WEBHOOK_SECRET = "your-webhook-secret"

def verify_signature(payload: bytes, signature: str) -> bool:
    expected = hmac.new(
        WEBHOOK_SECRET.encode(),
        payload,
        hashlib.sha256,
    ).hexdigest()
    return hmac.compare_digest(f"sha256={expected}", signature)

async def process_event(event: dict):
    """Process webhook event asynchronously."""
    event_type = event.get("type")
    handlers = {
        "ticket.created": handle_ticket_created,
        "ticket.updated": handle_ticket_updated,
        "customer.updated": handle_customer_updated,
    }
    handler = handlers.get(event_type)
    if handler:
        await handler(event["data"])

@app.post("/webhooks/incoming")
async def receive_webhook(
    request: Request,
    background_tasks: BackgroundTasks,
):
    body = await request.body()
    signature = request.headers.get("X-Signature", "")

    if not verify_signature(body, signature):
        raise HTTPException(status_code=401, detail="Invalid signature")
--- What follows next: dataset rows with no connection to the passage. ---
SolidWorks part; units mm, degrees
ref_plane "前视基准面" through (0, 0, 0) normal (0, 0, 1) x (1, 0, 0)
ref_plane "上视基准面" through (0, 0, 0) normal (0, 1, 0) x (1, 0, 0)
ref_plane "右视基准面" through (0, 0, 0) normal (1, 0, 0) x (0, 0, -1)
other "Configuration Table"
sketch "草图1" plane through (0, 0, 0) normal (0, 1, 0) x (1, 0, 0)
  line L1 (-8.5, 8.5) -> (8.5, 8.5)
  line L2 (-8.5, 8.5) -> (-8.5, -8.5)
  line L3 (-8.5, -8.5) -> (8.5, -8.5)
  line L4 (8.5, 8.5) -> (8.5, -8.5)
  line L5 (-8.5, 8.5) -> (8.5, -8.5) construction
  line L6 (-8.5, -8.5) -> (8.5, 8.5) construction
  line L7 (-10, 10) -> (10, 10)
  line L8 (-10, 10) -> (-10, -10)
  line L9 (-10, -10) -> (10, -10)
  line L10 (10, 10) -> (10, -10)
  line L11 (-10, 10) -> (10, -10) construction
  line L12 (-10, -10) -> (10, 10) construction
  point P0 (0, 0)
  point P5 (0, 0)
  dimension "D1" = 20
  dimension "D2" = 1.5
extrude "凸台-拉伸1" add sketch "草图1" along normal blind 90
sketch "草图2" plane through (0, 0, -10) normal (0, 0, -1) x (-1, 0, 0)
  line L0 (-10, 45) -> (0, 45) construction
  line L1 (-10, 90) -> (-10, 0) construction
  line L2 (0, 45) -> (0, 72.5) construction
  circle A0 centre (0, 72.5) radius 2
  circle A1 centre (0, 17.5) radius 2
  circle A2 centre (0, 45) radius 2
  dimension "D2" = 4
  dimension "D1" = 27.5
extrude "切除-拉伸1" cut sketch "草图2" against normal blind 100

    event = json.loads(body)

    # Store raw event for replay capability
    await store_raw_event(event)

    # Process asynchronously so webhook returns 200 fast
    background_tasks.add_task(process_event, event)

    return {"status": "accepted"}

Returning 200 quickly is essential. Webhook senders retry on timeouts, and if your processing is slow, you will receive duplicate events. Store the raw event first, then process in the background.

Change Data Capture from PostgreSQL

CDC captures every INSERT, UPDATE, and DELETE from your database and streams those changes to your ingestion pipeline. This is the most reliable real-time pattern because it captures all changes regardless of which application made them.

See AI Voice Agents Handle Real Calls

Book a free demo or calculate how much you can save with AI voice automation.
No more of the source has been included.